▸ **Task item**:
First find the line with "zeta 2 xi/1(xi)", then reproduce it and all following lines of the data to the end, exactly and with no pictures, adding nothing.

▸ **Extracted information**:
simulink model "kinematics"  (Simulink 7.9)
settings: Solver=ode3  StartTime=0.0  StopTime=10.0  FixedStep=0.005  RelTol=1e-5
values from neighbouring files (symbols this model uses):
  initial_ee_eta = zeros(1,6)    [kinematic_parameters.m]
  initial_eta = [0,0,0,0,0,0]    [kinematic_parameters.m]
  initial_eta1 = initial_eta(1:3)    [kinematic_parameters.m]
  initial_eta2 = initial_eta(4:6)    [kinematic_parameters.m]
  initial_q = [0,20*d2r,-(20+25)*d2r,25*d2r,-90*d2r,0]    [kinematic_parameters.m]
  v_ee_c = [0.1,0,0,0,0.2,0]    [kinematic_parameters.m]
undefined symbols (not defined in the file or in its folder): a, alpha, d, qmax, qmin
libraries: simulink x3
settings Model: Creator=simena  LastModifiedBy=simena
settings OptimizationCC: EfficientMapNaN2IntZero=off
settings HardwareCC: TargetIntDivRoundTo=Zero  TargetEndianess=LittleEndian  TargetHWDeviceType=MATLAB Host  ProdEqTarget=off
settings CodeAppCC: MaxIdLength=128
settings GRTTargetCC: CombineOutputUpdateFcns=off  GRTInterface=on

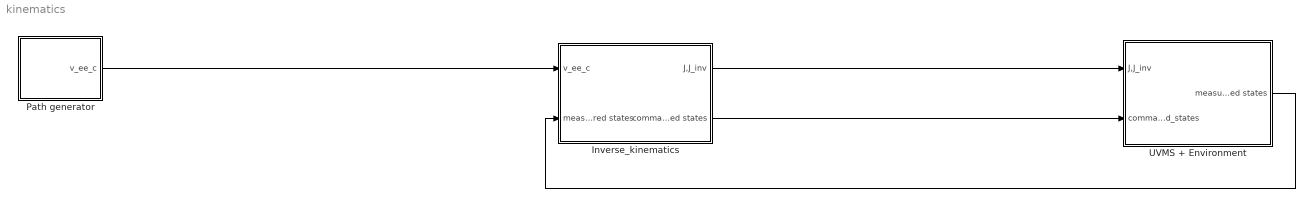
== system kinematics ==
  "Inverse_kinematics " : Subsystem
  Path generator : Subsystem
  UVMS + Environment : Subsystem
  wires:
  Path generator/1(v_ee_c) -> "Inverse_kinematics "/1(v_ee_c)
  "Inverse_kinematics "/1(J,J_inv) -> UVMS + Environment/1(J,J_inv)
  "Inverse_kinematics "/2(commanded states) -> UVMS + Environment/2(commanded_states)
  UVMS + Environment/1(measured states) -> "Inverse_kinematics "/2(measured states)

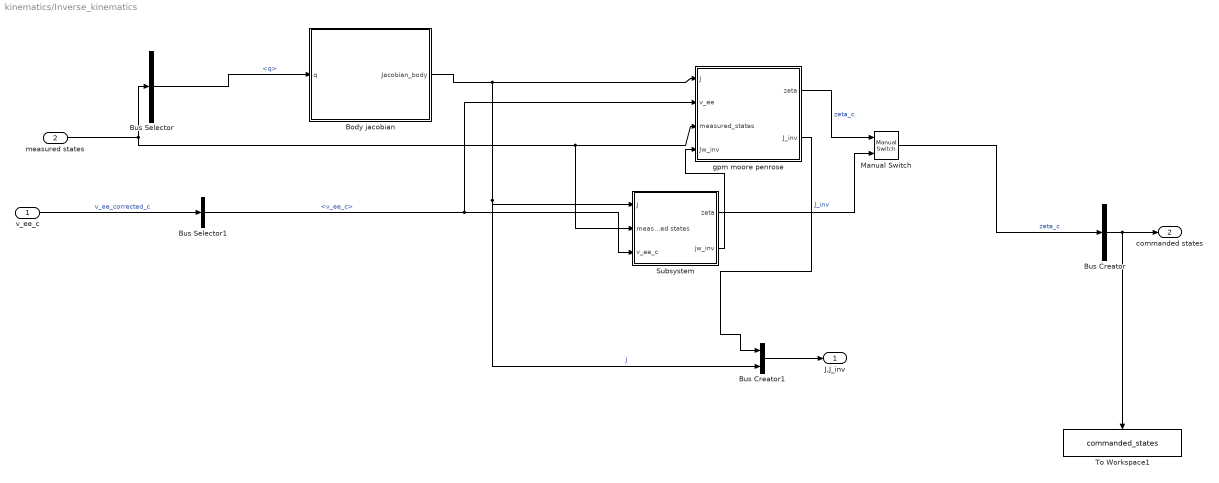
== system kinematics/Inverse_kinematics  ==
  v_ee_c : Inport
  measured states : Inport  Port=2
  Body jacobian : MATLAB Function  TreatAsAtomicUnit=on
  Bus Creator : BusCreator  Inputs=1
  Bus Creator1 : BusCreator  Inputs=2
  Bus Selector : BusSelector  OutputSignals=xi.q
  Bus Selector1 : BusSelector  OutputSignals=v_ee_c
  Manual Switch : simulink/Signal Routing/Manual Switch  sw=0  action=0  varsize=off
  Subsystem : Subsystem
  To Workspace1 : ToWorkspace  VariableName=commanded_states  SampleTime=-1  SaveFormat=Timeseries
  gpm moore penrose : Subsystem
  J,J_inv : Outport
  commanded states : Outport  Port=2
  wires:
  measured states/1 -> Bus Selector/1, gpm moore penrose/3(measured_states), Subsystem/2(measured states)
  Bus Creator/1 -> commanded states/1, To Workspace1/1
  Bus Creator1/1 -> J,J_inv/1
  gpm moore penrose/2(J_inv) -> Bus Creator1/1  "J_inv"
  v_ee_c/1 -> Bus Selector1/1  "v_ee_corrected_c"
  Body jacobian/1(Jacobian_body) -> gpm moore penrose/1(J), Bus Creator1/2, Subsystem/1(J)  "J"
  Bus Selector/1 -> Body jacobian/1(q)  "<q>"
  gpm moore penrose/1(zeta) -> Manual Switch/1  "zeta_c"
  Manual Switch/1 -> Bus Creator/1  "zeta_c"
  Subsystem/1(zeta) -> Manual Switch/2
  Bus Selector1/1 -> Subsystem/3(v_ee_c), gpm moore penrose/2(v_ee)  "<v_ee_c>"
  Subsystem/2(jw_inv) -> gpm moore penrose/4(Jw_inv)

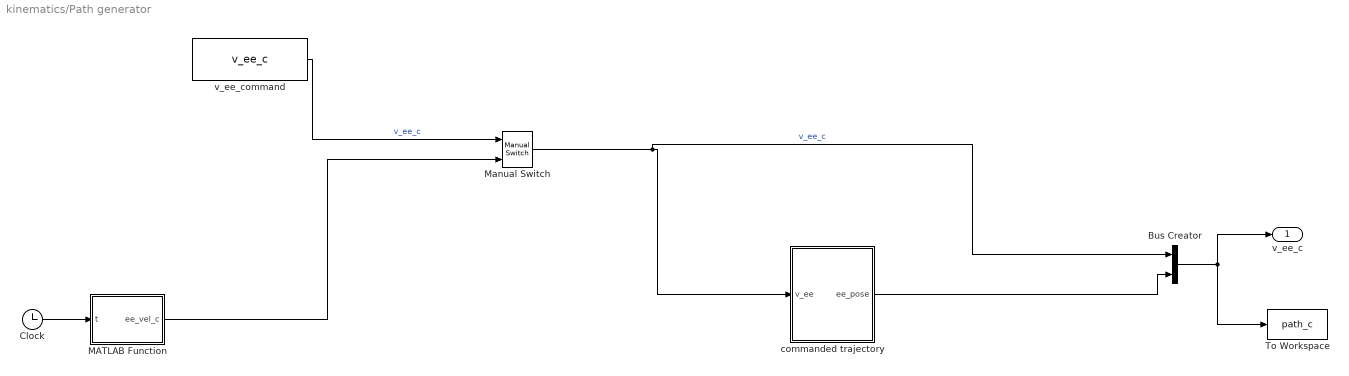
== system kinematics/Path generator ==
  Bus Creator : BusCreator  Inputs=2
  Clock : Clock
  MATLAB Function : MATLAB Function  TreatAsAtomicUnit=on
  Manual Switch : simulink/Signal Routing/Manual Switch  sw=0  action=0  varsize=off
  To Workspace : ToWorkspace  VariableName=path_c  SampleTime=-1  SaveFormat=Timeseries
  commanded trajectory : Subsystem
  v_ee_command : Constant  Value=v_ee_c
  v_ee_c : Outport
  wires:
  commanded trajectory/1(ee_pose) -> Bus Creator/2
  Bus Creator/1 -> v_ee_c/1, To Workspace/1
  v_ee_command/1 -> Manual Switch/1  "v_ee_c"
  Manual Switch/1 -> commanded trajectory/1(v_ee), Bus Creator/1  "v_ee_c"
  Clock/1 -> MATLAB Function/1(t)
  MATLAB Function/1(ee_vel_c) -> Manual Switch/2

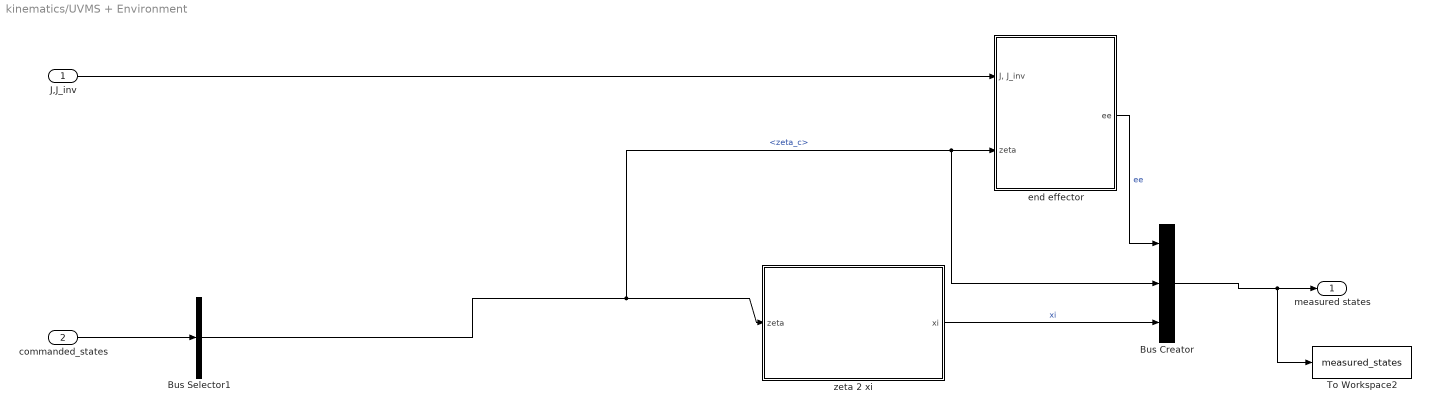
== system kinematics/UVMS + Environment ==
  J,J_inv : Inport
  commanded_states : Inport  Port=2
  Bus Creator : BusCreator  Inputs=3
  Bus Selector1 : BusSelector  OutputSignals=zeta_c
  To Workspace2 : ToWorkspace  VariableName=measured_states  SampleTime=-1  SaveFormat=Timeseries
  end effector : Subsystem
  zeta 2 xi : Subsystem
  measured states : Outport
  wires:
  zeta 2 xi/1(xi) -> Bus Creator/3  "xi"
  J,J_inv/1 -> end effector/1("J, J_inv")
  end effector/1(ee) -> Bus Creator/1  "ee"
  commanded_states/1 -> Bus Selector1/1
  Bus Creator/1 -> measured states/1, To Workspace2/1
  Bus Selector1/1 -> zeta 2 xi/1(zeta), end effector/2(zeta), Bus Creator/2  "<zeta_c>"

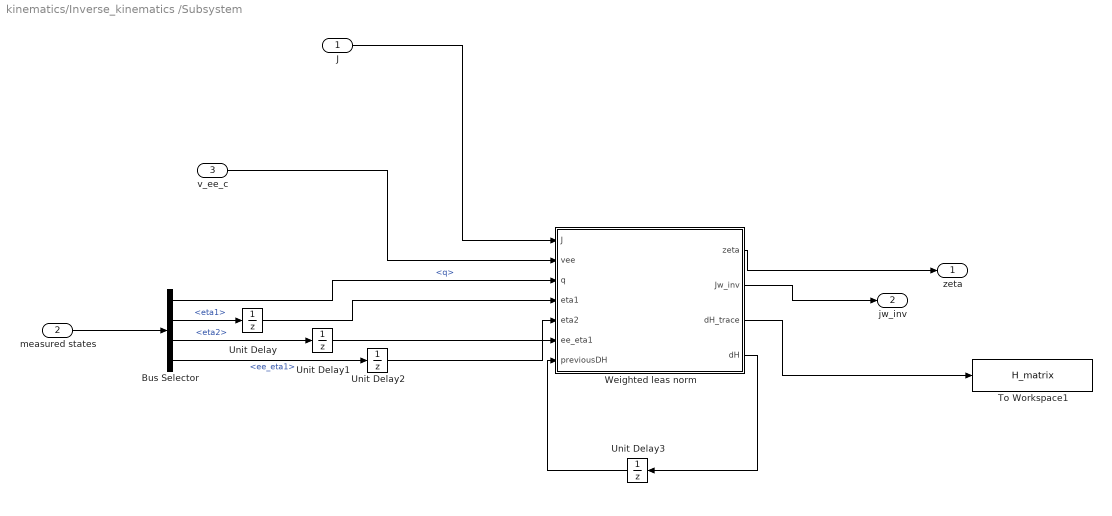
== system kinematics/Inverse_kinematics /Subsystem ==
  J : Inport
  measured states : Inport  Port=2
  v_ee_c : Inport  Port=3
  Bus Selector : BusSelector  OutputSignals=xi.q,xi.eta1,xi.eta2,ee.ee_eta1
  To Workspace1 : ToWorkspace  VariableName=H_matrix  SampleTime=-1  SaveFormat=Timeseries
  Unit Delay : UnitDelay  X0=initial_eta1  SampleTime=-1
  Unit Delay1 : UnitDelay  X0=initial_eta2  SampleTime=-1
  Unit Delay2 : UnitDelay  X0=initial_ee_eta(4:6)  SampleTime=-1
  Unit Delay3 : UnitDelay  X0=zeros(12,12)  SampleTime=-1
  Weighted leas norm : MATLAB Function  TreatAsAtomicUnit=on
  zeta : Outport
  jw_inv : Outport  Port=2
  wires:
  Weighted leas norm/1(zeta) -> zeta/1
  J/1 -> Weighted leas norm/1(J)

▸ **Response**:
  zeta 2 xi/1(xi) -> Bus Creator/3  "xi"
  J,J_inv/1 -> end effector/1("J, J_inv")
  end effector/1(ee) -> Bus Creator/1  "ee"
  commanded_states/1 -> Bus Selector1/1
  Bus Creator/1 -> measured states/1, To Workspace2/1
  Bus Selector1/1 -> zeta 2 xi/1(zeta), end effector/2(zeta), Bus Creator/2  "<zeta_c>"

== system kinematics/Inverse_kinematics /Subsystem ==
  J : Inport
  measured states : Inport  Port=2
  v_ee_c : Inport  Port=3
  Bus Selector : BusSelector  OutputSignals=xi.q,xi.eta1,xi.eta2,ee.ee_eta1
  To Workspace1 : ToWorkspace  VariableName=H_matrix  SampleTime=-1  SaveFormat=Timeseries
  Unit Delay : UnitDelay  X0=initial_eta1  SampleTime=-1
  Unit Delay1 : UnitDelay  X0=initial_eta2  SampleTime=-1
  Unit Delay2 : UnitDelay  X0=initial_ee_eta(4:6)  SampleTime=-1
  Unit Delay3 : UnitDelay  X0=zeros(12,12)  SampleTime=-1
  Weighted leas norm : MATLAB Function  TreatAsAtomicUnit=on
  zeta : Outport
  jw_inv : Outport  Port=2
  wires:
  Weighted leas norm/1(zeta) -> zeta/1
  J/1 -> Weighted leas norm/1(J)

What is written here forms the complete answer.